越看桑泠的经历,容渊越是感觉心脏在滴血。他跟桑德发的这场博弈,最后受伤的,只有桑泠。
桑泠的沉默,在容渊这里,便成了默认。
其实桑泠只是不知道怎么说。
她陷入回忆里,没注意到容渊牵着她的手,走到了餐桌旁。
回过神时,她的手里,被塞入了什么东西。
坚硬,冰冷。
桑泠怔了怔,回神,朝手里看去。
那竟然是一把水果刀!
桑泠感觉容渊要做点什么,大脑还没来得及反应,容渊已经不容她抗拒的,用大掌紧紧包着她的手,握住了刀柄。
“容渊!容渊你松手,你要做什么?!”
桑泠的声音里都有了哭腔,瞳孔震颤,她的视线从空了的水果盘中抽离,放回那把已经抵到容渊腹部的匕首。
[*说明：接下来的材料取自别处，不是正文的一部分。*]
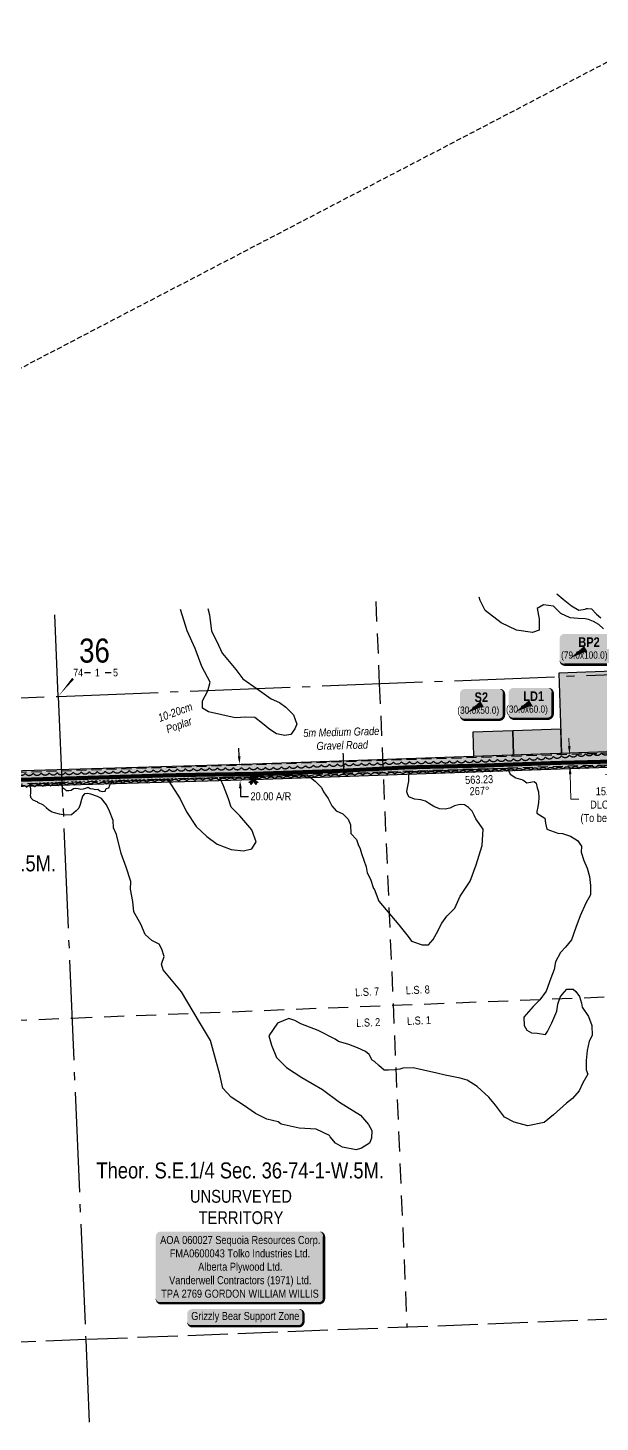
# Model space of a CAD drawing. Extents: x 686944 to 691954, y 6148394 to 6152199.
# Drawn here: x 688731 to 689446, y 6148460 to 6150202 of the extents above; entities that cross this region are included whole.
import ezdxf
from ezdxf.enums import TextEntityAlignment as Align

# ---------------------------------------------------------------- set-up
doc = ezdxf.new("R2010")
doc.units = 0
doc.header["$LTSCALE"] = 5
doc.header["$PDSIZE"] = 0.5
for name, pattern in [('0', [1, 1, 0]), ('foc-ACCESSROAD', [3.75, 2.5, -1.25]), ('foc-LSD', [8, 5, -3]), ('foc-QUARTERLINE', [33, 25, -3, 2, -3]), ('foc-TIELINE', [1.875, 1.25, -0.625]), ('foc-TOPO', [1, 0.2, -0.8]), ('foc-UNSURVEYED', [12.5, 10, -2.5])]:
    doc.linetypes.add(name, pattern=pattern)
doc.layers.get('Defpoints').update_dxf_attribs({"color": 9})
for name, color, linetype in [('10', 1, 'Continuous'), ('9', 3, 'Continuous'), ('AS-ROADS', 254, 'Continuous'), ('AS-SURFACE IMPACT', 7, 'Continuous'), ('AS-WILDLIFE-BLOCK', 131, 'Continuous'), ('C-SYMBOL', 7, 'Continuous'), ('F-AR', 190, 'foc-ACCESSROAD'), ('L-BD', 7, 'Continuous'), ('L-MON', 1, 'Continuous'), ('L-SECLBL', 7, 'Continuous'), ('L-SECQ', 8, 'foc-QUARTERLINE'), ('L-SECTION-LSD', 7, 'foc-LSD'), ('L-TIE', 7, 'foc-TIELINE'), ('L-UNS-T', 3, 'Continuous'), ('L-USEC', 7, 'foc-UNSURVEYED'), ('P-PROPOSED', 10, 'Continuous'), ('P-PROPOSED-H', 21, 'Continuous'), ('P-TEMP-BLOCKS', 250, 'Continuous'), ('P-TEMP-H', 41, 'Continuous'), ('P-TEMP_WORKSPACE', 46, 'Continuous'), ('P-TXT', 4, 'Continuous'), ('T-BUSH', 110, '0'), ('T-BUSH-T', 110, 'Continuous'), ('T-GENERAL', 48, 'foc-TOPO'), ('WETLAND', 143, 'Continuous')]:
    doc.layers.add(name, color=color, linetype=linetype)
doc.layers.add('F-AR-T', color=190, linetype='Continuous', lineweight=9)
doc.layers.add('T-TEXT', color=48, linetype='Continuous', lineweight=18)
doc.styles.add('100L', font='', dxfattribs={"height": 11})
doc.styles.add('175L', font='', dxfattribs={"height": 20})
doc.styles.add('80', font='', dxfattribs={"height": 10})
doc.styles.add('80CG', font='', dxfattribs={"height": 10})
doc.styles.add('80L', font='', dxfattribs={"height": 10})
doc.styles.add('BOLD', font='')
doc.styles.add('SIMPLEX', font='')
doc.styles.get('100L').set_extended_font_data('Arial Narrow')
doc.styles.get('175L').set_extended_font_data('Arial Narrow')
doc.styles.get('80').set_extended_font_data('Arial Narrow')
doc.styles.get('80CG').set_extended_font_data('Arial Narrow')
doc.styles.get('80L').set_extended_font_data('Arial Narrow')
doc.styles.get('BOLD').set_extended_font_data('Arial Narrow', bold=True)
doc.styles.get('SIMPLEX').set_extended_font_data('Arial Narrow')
doc.dimstyles.new('Compass 5 000', dxfattribs={"dimscale": 5, "dimtxt": 9, "dimasz": 2, "dimexe": 0.2, "dimexo": 0.0625, "dimgap": 0.5, "dimtad": 0, "dimtih": 1, "dimtoh": 1, "dimzin": 0, "dimdsep": 46, "dimtxsty": '80CG', "dimcen": 0.1, "dimse1": 1, "dimse2": 1, "dimclrd": 256, "dimclrt": 256, "dimaunit": 1, "dimadec": 4, "dimazin": 0, "dimtfac": 0.06, "dimtofl": 0, "dimtmove": 0, "dimatfit": 1, "dimfxl": 0.2, "dimtolj": 1, "dimtzin": 0, "dimlwd": -1, "dimarcsym": 0})

# ---------------------------------------------------------------- blocks, each defined once
blk = doc.blocks.new('L-SECLBL')
at = {"layer": '9', "color": 7}
for p, q in [((-5.1, -27.8), (-12.3, -27.8)), ((20.7, -27.8), (13.5, -27.8))]:
    blk.add_line(p, q, dxfattribs=at)
at = {"layer": '10', "color": 2, "style": 'SIMPLEX'}
blk.add_attdef('SEC', text='', height=30, dxfattribs=at).set_placement((0, 0), align=Align.MIDDLE)
at = {"layer": '10', "color": 5, "style": '80L'}
blk.add_attdef('TWP', text='', height=9.5, dxfattribs=at).set_placement((-14.4, -27.4), align=Align.MIDDLE_RIGHT)
blk.add_attdef('RGE', text='', height=9.5, dxfattribs=at).set_placement((3.6, -27.4), align=Align.MIDDLE_CENTER)
blk.add_attdef('MER', text='', height=9.5, dxfattribs=at).set_placement((23.2, -27.4), align=Align.MIDDLE_LEFT)
blk = doc.blocks.new('*U46')
h = blk.add_hatch(color=255)
edge = h.paths.add_edge_path()
edge.add_line((-99, -45.5), (99, -45.5))
edge.add_arc((99, -39.5), 6, 270, 360)
edge.add_line((105, -39.5), (105, 38))
edge.add_arc((99, 38), 6, 0, 90)
edge.add_line((99, 44), (-99, 44))
edge.add_arc((-99, 38), 6, 90, 180)
edge.add_line((-105, 38), (-105, -39.5))
edge.add_arc((-99, -39.5), 6, 180, 270)
at = {"color": 44, "flags": 128}
blk.add_lwpolyline([(-99, -45.5, 3, 3, 0), (99, -45.5, 3, 3, 0.414214), (105, -39.5, 3, 3, 0), (105, 38, 3, 0, 0.414214), (99, 44, 0, 0, 0), (-99, 44, 0, 0, 0.414214), (-105, 38, 0, 0, 0), (-105, -39.5, 0, 3, 0.414214)], format="xyseb", close=True, dxfattribs=at)
at = {"color": 44, "style": '80'}
blk.add_attdef('ENTER_TEXT_001', (-36, -5), '', height=10, dxfattribs=at)
blk = doc.blocks.new('*D52')
at = {"layer": 'Defpoints', "color": 0, "transparency": 16777216}
for p in [(689294.9, 6149291), (689295.4, 6149276), (689408.1, 6149279.7)]:
    blk.add_point(p, dxfattribs=at)
at = {"layer": 'F-AR-T', "transparency": 16777216}
for p, q in [((689407.2, 6149304.7), (689406.9, 6149314.7)), ((689408.4, 6149269.7), (689409.4, 6149238.5)), ((689409.4, 6149238.5), (689419.4, 6149238.5))]:
    blk.add_line(p, q, dxfattribs=at)
for points in [[(689408.9, 6149304.8), (689405.6, 6149304.6), (689407.6, 6149294.7)], [(689410.1, 6149269.8), (689406.7, 6149269.6), (689408.1, 6149279.7)]]:
    blk.add_solid(points, dxfattribs=at)
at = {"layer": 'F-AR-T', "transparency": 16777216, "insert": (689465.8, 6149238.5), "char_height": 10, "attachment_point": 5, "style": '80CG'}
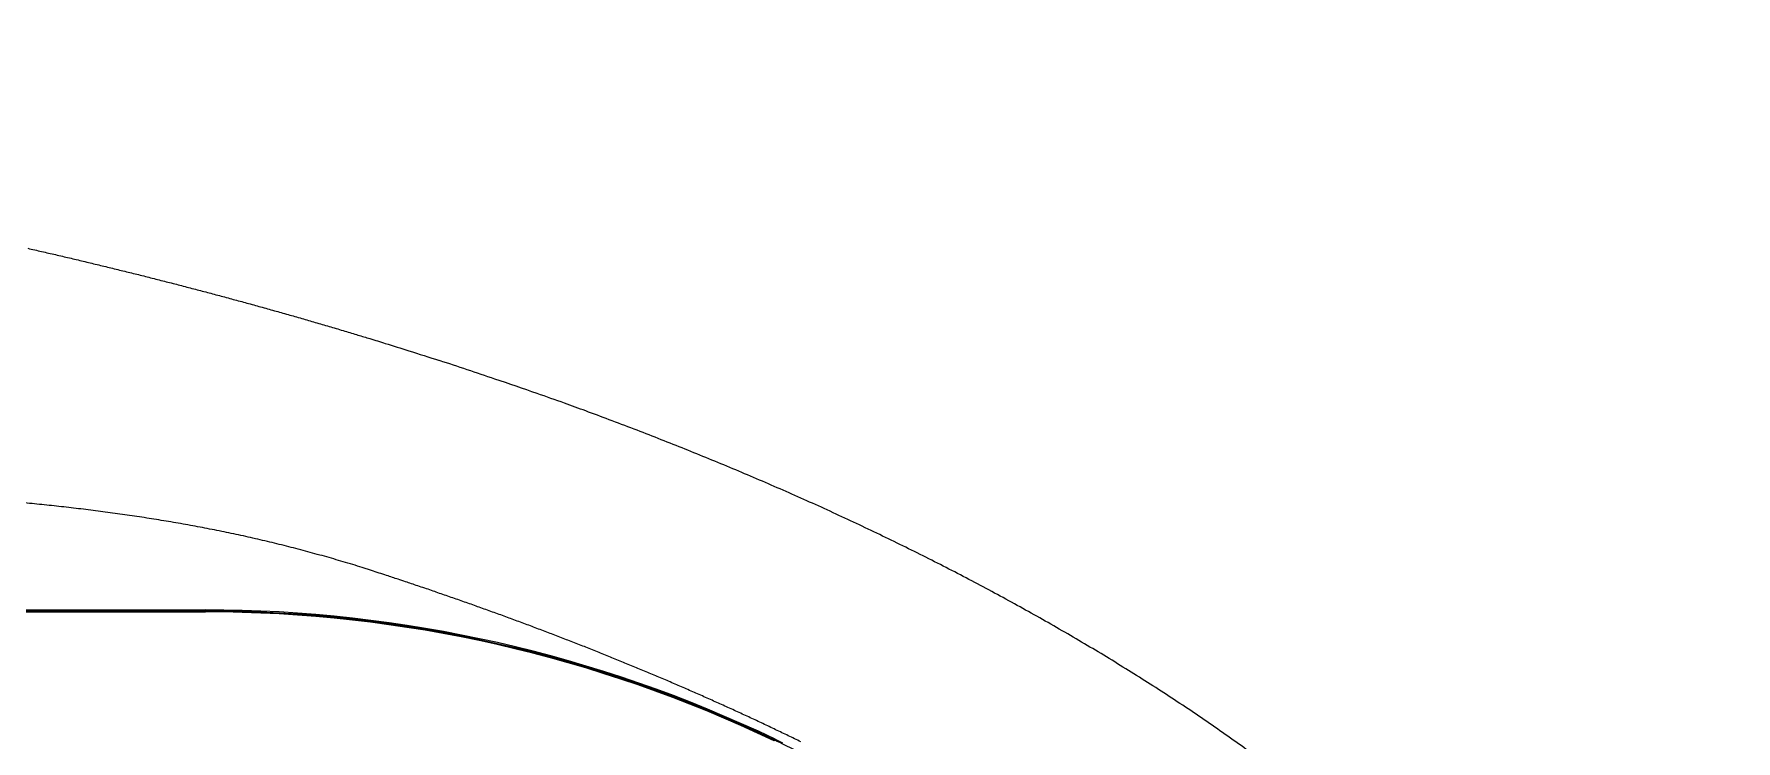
# Model space of a CAD drawing. Header units: inches. Extents: x 2 to 87, y 0 to 129.
# Drawn here: x 46.197 to 48.131, y 25.553 to 26.357 of the extents above; entities that cross this region are included whole.
import ezdxf

# ---------------------------------------------------------------- set-up
doc = ezdxf.new("R2010")
doc.units = ezdxf.units.IN
doc.header["$MEASUREMENT"] = 0
doc.layers.add('1', color=4, linetype='Continuous')

# ---------------------------------------------------------------- blocks, each defined once
blk = doc.blocks.new('CONTRL PANEL-HSPOT-15')
at = {"layer": '1', "linetype": 'Continuous'}
for p, q in [((-0.5676, 1.0051), (1.5391, 1.0051)), ((1.5391, 1.0039), (-0.5676, 1.0039)), ((-0.5676, 1.0029), (1.5391, 1.0029)), ((1.5391, 1.0051), (1.5391, 1.0039)), ((1.5391, 1.0039), (1.5391, 1.0029)), ((2.186, 0.8571), (2.1855, 0.8562)), ((2.1865, 0.8582), (2.186, 0.8571))]:
    blk.add_line(p, q, dxfattribs=at)
for points in [[(1.3373, 1.416, -0.000677), (1.353, 1.4124, -0.000679), (1.3688, 1.4088, -0.000681), (1.3845, 1.4051, -0.000683), (1.4003, 1.4014, -0.000686), (1.416, 1.3976, -0.000688), (1.4317, 1.3938, -0.00069), (1.4474, 1.3899, -0.000693), (1.4631, 1.3861, -0.000698), (1.4788, 1.3821, -0.000703), (1.4945, 1.3781, -0.000711), (1.5101, 1.3741, -0.000717), (1.5258, 1.37, -0.000724), (1.5414, 1.3659, -0.000731), (1.557, 1.3618, -0.00074), (1.5726, 1.3575, -0.000744), (1.5882, 1.3533, -0.000746), (1.6038, 1.349, -0.00076), (1.6194, 1.3446, -0.000783), (1.635, 1.3402, -0.000766), (1.6505, 1.3358, -0.00072), (1.6659, 1.3313, -0.000804), (1.6816, 1.3267, -0.000973), (1.6975, 1.322, -0.000739), (1.7125, 1.3175, -0.000242), (1.7261, 1.3134, -0.001065), (1.7435, 1.308, -0.001862), (1.7702, 1.2996, -0.000912), (1.8051, 1.2885, -0.000482)], [(2.7249, 0.8445, 0.003453), (2.701, 0.8615, 0.003343), (2.677, 0.8783, 0.003245), (2.6527, 0.8947, 0.003136), (2.6282, 0.9108, 0.003044), (2.6035, 0.9266, 0.002947), (2.5787, 0.9421, 0.002868), (2.5537, 0.9573, 0.002788), (2.5285, 0.9723, 0.002716), (2.5031, 0.987, 0.002633), (2.4776, 1.0014, 0.00256), (2.452, 1.0156, 0.002478), (2.4262, 1.0295, 0.002408), (2.4003, 1.0432, 0.002333), (2.3743, 1.0566, 0.002283), (2.3481, 1.0698, 0.002245), (2.3218, 1.0827, 0.002209), (2.2955, 1.0954, 0.002167), (2.269, 1.1079, 0.002132), (2.2424, 1.1202, 0.002094), (2.2157, 1.1322, 0.002054), (2.1889, 1.144, 0.002003), (2.162, 1.1556, 0.001982), (2.135, 1.167, 0.001977), (2.1079, 1.1782, 0.001891), (2.0807, 1.1892, 0.00174), (2.0537, 1.1999, 0.001868), (2.0262, 1.2106, 0.002152), (1.9979, 1.2213, 0.001628), (1.9713, 1.2312, 0.000606), (1.9472, 1.24, 0.002183), (1.9162, 1.251, 0.003635), (1.8681, 1.2674, 0.00177), (1.8051, 1.2885, 0.000944)], [(1.7278, 1.0499), (1.7172, 1.0533, 0.001895), (1.7065, 1.0566, 0.001905), (1.6958, 1.0598, 0.001895), (1.6851, 1.063, 0.001863), (1.6744, 1.066, 0.001839), (1.6636, 1.069, 0.001818), (1.6528, 1.072, 0.001798), (1.642, 1.0748, 0.001774), (1.6312, 1.0776, 0.001753), (1.6203, 1.0803, 0.00173), (1.6095, 1.0829, 0.00171), (1.5986, 1.0854, 0.001687), (1.5877, 1.0879, 0.001667), (1.5768, 1.0903, 0.001644), (1.5658, 1.0926, 0.001624), (1.5549, 1.0949, 0.001602), (1.5439, 1.097, 0.001582), (1.533, 1.0992, 0.001558), (1.522, 1.1012, 0.001534), (1.511, 1.1032, 0.001503), (1.5, 1.1051, 0.001476), (1.489, 1.1069, 0.001446), (1.4779, 1.1087, 0.001419), (1.4669, 1.1104, 0.001389), (1.4558, 1.1121, 0.001362), (1.4448, 1.1137, 0.001332), (1.4337, 1.1152, 0.001305), (1.4226, 1.1167, 0.001275), (1.4116, 1.1182, 0.001249), (1.4005, 1.1195, 0.001219), (1.3894, 1.1208, 0.001192), (1.3783, 1.1221, 0.001162), (1.3672, 1.1233, 0.001136), (1.356, 1.1245, 0.001106), (1.3449, 1.1256, 0.00108), (1.3338, 1.1267, 0.001054)], [(2.2158, 0.8552, 0.000651), (2.2086, 0.8587, 0.000647), (2.2015, 0.8622, 0.000643), (2.1943, 0.8656, 0.000639), (2.1871, 0.869, 0.000635), (2.1799, 0.8725, 0.000631), (2.1727, 0.8759, 0.000627), (2.1655, 0.8793, 0.000623), (2.1583, 0.8826, 0.000619), (2.151, 0.886, 0.000616), (2.1438, 0.8893, 0.000611), (2.1366, 0.8926, 0.000608), (2.1293, 0.8959, 0.000604), (2.122, 0.8992, 0.0006), (2.1148, 0.9024, 0.000596), (2.1075, 0.9057, 0.000592), (2.1002, 0.9089, 0.000589), (2.0929, 0.9121, 0.000587), (2.0856, 0.9153, 0.000584), (2.0783, 0.9185, 0.000581), (2.071, 0.9216, 0.000577), (2.0637, 0.9248, 0.000574), (2.0563, 0.9279, 0.00057), (2.049, 0.931, 0.000567), (2.0417, 0.9341, 0.000564), (2.0343, 0.9372, 0.00056), (2.027, 0.9402, 0.000557), (2.0196, 0.9432, 0.000553), (2.0122, 0.9463, 0.00055), (2.0048, 0.9493, 0.000547), (1.9975, 0.9523, 0.000543), (1.9901, 0.9552, 0.00054), (1.9827, 0.9582, 0.000536), (1.9753, 0.9611, 0.000533), (1.9679, 0.9641, 0.000529), (1.9604, 0.967, 0.000526), (1.953, 0.9699, 0.000523), (1.9456, 0.9727, 0.000519), (1.9382, 0.9756, 0.000516), (1.9307, 0.9785, 0.000513), (1.9233, 0.9813, 0.000509), (1.9158, 0.9841, 0.000505), (1.9084, 0.9869, 0.000499), (1.9009, 0.9897, 0.000495), (1.8934, 0.9925, 0.000493), (1.886, 0.9952, 0.000491), (1.8785, 0.998, 0.000488), (1.871, 1.0007, 0.000486), (1.8635, 1.0034, 0.000484), (1.856, 1.0061, 0.000482), (1.8485, 1.0088, 0.00048), (1.841, 1.0115, 0.000477), (1.8335, 1.0141, 0.000472), (1.826, 1.0168, 0.000474), (1.8185, 1.0194, 0.000481), (1.8109, 1.022, 0.000465), (1.8034, 1.0246, 0.000433), (1.7959, 1.0272, 0.000475), (1.7883, 1.0298, 0.000562), (1.7805, 1.0324, 0.000426), (1.7732, 1.0349, 0.00015), (1.7666, 1.0371, 0.000594), (1.7581, 1.0399, 0.001013), (1.745, 1.0442, 0.000495), (1.7278, 1.0499, 0.000263)], [(2.2092, 0.8458, 0.000989), (2.186, 0.8571, 0.000528)], [(2.1865, 0.8582), (2.1948, 0.8542, -0.000719)]]:
    blk.add_lwpolyline(points, format="xyb", dxfattribs=at)
for radius in [1.5, 1.4988, 1.4978]:
    blk.add_arc((1.5391, -0.4949), radius, 64.4324, 90, dxfattribs=at)
blk = doc.blocks.new('2018 HOT SPOT STRIDE')
at = {"layer": '1', "color": 2}
for centre, radius, start, end in [((42.368, -9.8187), 18.0959, 49.29532, 131.38349), ((42.3679, -8.9743), 15.5989, 59.94581, 120.05419)]:
    blk.add_arc(centre, radius, start, end, dxfattribs=at)
at = {"layer": '1', "color": 3, "linetype": 'Continuous'}
for radius, start, end in [(17.8462, 63.56328, 125.36858), (16.8462, 61.42956, 118.57044)]:
    blk.add_arc((42.3679, -9.8189), radius, start, end, dxfattribs=at)
at = {"layer": '1'}
blk.add_blockref('CONTRL PANEL-HSPOT-15', (42.5196, 3.5875), dxfattribs=at)

msp = doc.modelspace()

# ---------------------------------------------------------------- block references
msp.add_blockref('2018 HOT SPOT STRIDE', (2.3326, 21.1096))

doc.saveas('drawing.dxf')

男人只穿了一件黑色的衬衣,刀尖甚至都没有用力,桑泠就看到那片布料慢慢晕出了深色的痕迹。
——那应该是容渊的血。
“你疯了吗!放开我!我不恨你,容渊,你放开!”
容渊勾唇,他知道现在桑泠肯定更讨厌他了,因为他总是不顾桑泠的意愿,做一些她不喜欢的事。
可是,看着女孩眼眶中的泪意,容渊满足地笑起来。
就权当,她还是在乎他的吧。
噗哧!
桑泠从没如此清晰地听到过锐器刺入皮肉的声音,原来是这样的。
容渊的脸上血色快速褪去,他刚松手,桑泠就颤着向后退去,细白的小手上被溅了鲜血,好似红梅开在雪地里,很是好看。
他咳了声,手掌撑着桌面,没让自己倒下去。
都这个时候了,他竟然还在笑。
“泠泠,这是我欠你的,这一刀,就当是利息,好不好?”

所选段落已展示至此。